Currently, it's simple enough to use like this:
autolocker<some_lock_t> lock(&my_lock); // my_lock is of type "some_lock_t"
but it is illegal to do:
autolocker lock(&my_lock); // this would be ideal
Is there anyway to get template type deduction to play nice with this (keep in my autolocker is non-copyable). Or is it just easiest to just specify the type?
Yes you can use the scope-guard technique
struct autolocker_base {
autolocker_base() { }
protected:
// ensure users can't copy-as it
autolocker_base(autolocker_base const&)
{ }
autolocker_base &operator=(autolocker_base const&)
{ return *this; }
};
template <T>
class autolocker : public autolocker_base {
public:
autolocker(T *l) : lock(l) {
lock->lock();
}
autolocker(const autolocker& o)
:autolocker_base(o), lock(o.lock)
{ o.lock = 0; }
~autolocker() {
if(lock)
lock->unlock();
}
private:
autolocker& operator=(const autolocker&);
private:
mutable T *lock;
};
Then write a function creating the autolocker
template<typename T>
autolocker<T> makelocker(T *l) {
return autolocker<T>(l);
}
typedef autolocker_base const& autolocker_t;
You can then write it like this:
autolocker_t lock = makelocker(&my_lock);
Once the const reference goes out of scope, the destructor is called. It doesn't need to be virtual. At least GCC optimizes this quite well.
Sadly, this means you have to make your locker-object copyable since you need to return it from the maker function. But the old object won't try to unlock twice, because its pointer is set to 0 when it's copied, so it's safe.
Obviously you can't get away with autolocker being a template, because you want to use it as a type, and templates must be instantiated in order to obtain types.
But type-erasure might be used to do what you want. You turn the class template into a class and its constructor into a member template. But then you'd have to dynamically allocate an inner implementation object.
Better, store a pointer to a function that performs the unlock and let that function be an instance of a template chosen by the templatized constructor. Something along these lines:
// Comeau compiles this, but I haven't tested it.
class autolocker {
public:
template< typename T >
autolocker(T *l) : lock_(l), unlock_(&unlock<T>) { l->lock(); }
~autolocker() { unlock_(lock_); }
private:
autolocker(const autolocker&);
autolocker& operator=(const autolocker&);
private:
typedef void (*unlocker_func_)(void*);
void *lock_;
unlocker_func_ unlock_;
template <typename T>
static void unlock(void* lock) { ((T*)lock)->unlock(); }
};
I haven't actually tried this and the syntax might be wrong (I'm not sure how to take the address of a specific function template instance), but I think this should be doable in principle.
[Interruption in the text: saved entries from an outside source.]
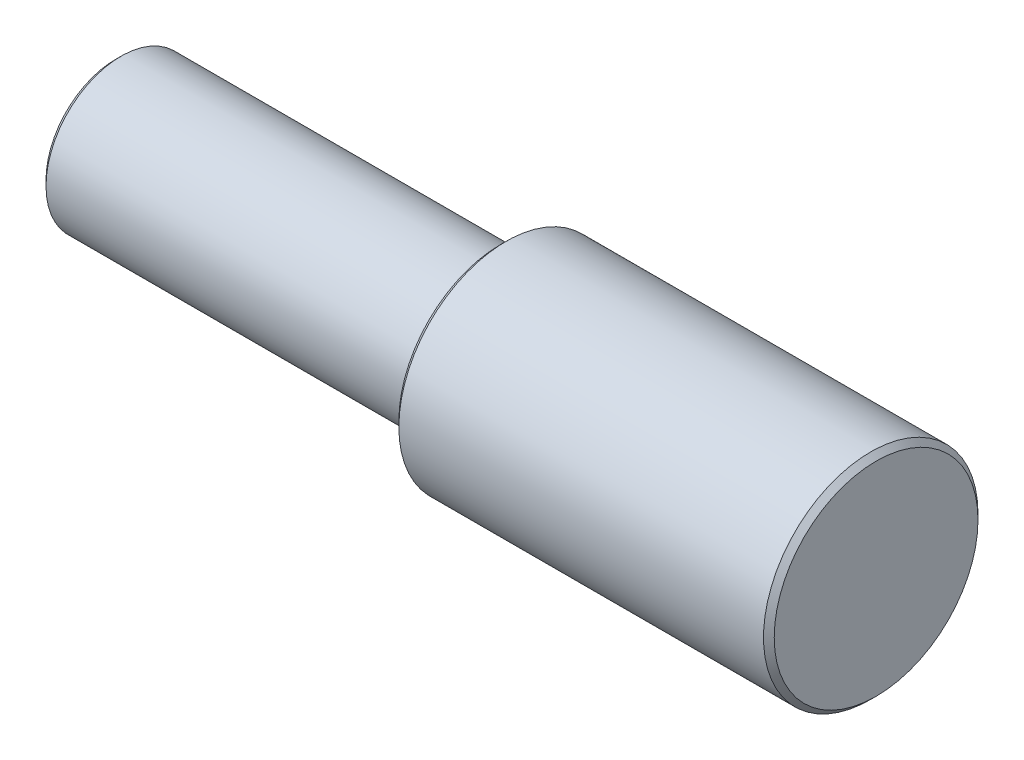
from build123d import *

# Parameters (mm, degrees)
SKETCH1_W                 = 35
SKETCH1_H                 = 10
SKETCH2_R                 = 7
BOSS_EXTRUDE1_DEPTH       = 35.9
M6X1_0_TAPPED_HOLE1_D     = 5
M6X1_0_TAPPED_HOLE1_DEPTH = 25
M6X1_0_TAPPED_HOLE1_TIP   = 1.502151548
CHAMFER1_SIZE             = 0.5
CUT_EXTRUDE2_DEPTH        = 10


with BuildPart() as part:
    # Sketch1 → Revolve1 (revolve)
    with BuildSketch(Plane.XY, mode=Mode.PRIVATE) as revolve1_sk:
        with Locations((-17.5, 5)):
            Rectangle(SKETCH1_W, SKETCH1_H)
    revolve(revolve1_sk.sketch.rotate(Axis((-35, 0, 0), (1, 0, 0)), 270), axis=Axis((-35, 0, 0), (1, 0, 0)))

    # Sketch2 → Boss-Extrude1 (add)
    with BuildSketch(Plane.ZY.offset(35)):
        Circle(SKETCH2_R)
    extrude(amount=BOSS_EXTRUDE1_DEPTH)

    # M6x1.0 Tapped Hole1
    with Locations(Plane.ZY.offset(70.9)):
        with Locations((0, 0)):
            Hole(M6X1_0_TAPPED_HOLE1_D / 2, depth=M6X1_0_TAPPED_HOLE1_DEPTH)
            with Locations((0, 0, -(M6X1_0_TAPPED_HOLE1_DEPTH + M6X1_0_TAPPED_HOLE1_TIP / 2))):  # 118° drill point
                Cone(0, M6X1_0_TAPPED_HOLE1_D / 2, M6X1_0_TAPPED_HOLE1_TIP, mode=Mode.SUBTRACT)

    # Chamfer1
    chamfer1_edges = [part.edges().sort_by_distance(p)[0] for p in [
        (-70.9, 0, -7),
        (-70.9, 0, 2.5),
        (0, 0, 10),
        (-35, 0, 10),
    ]]
    chamfer(chamfer1_edges, length=CHAMFER1_SIZE)

    # Sketch3 → Cut-Extrude2 (cut)
    with BuildSketch(Plane.XY.offset(-4)):
        with BuildLine():
            Line((-40.45, 2.5), (-65.45, 2.5))
            ThreePointArc((-65.45, 2.5), (-67.95, 0), (-65.45, -2.5))
            Line((-65.45, -2.5), (-40.45, -2.5))
            ThreePointArc((-40.45, -2.5), (-37.95, 0), (-40.45, 2.5))
        make_face()
    extrude(amount=-CUT_EXTRUDE2_DEPTH, mode=Mode.SUBTRACT)


solid = part.part

Maybe someone comes along and fixes what I got wrong.
I like this a lot more than the scope guard, which, for some reason, I never really liked at all.
I think jwismar is correct and what you want is not possible with C++. However, a similar (not direct analogue) construct is possible with C++0x, using several new features (rvalues/moving and auto variable type):
#include <iostream>
template <typename T>
class autolocker_impl
{
public:
autolocker_impl(T *l) : lock(l) {
lock->lock();
}
autolocker_impl (autolocker_impl&& that)
: lock (that.lock)
{
that.lock = 0;
}
~autolocker_impl() {
if (lock)
lock->unlock();
}
private:
autolocker_impl(const autolocker_impl&);
autolocker_impl& operator=(const autolocker_impl&);
private:
T *lock;
};
template <typename T>
autolocker_impl <T>
autolocker (T* lock)
{
return autolocker_impl <T> (lock);
}
struct lock_type
{
void lock ()
{ std::cout << "locked\n"; }
void unlock ()
{ std::cout << "unlocked\n"; }
};
int
main ()
{
lock_type l;
auto x = autolocker (&l);
}
autolocker is a class template, not a class. Your "this would be ideal" is showing something that doesn't make sense in C++.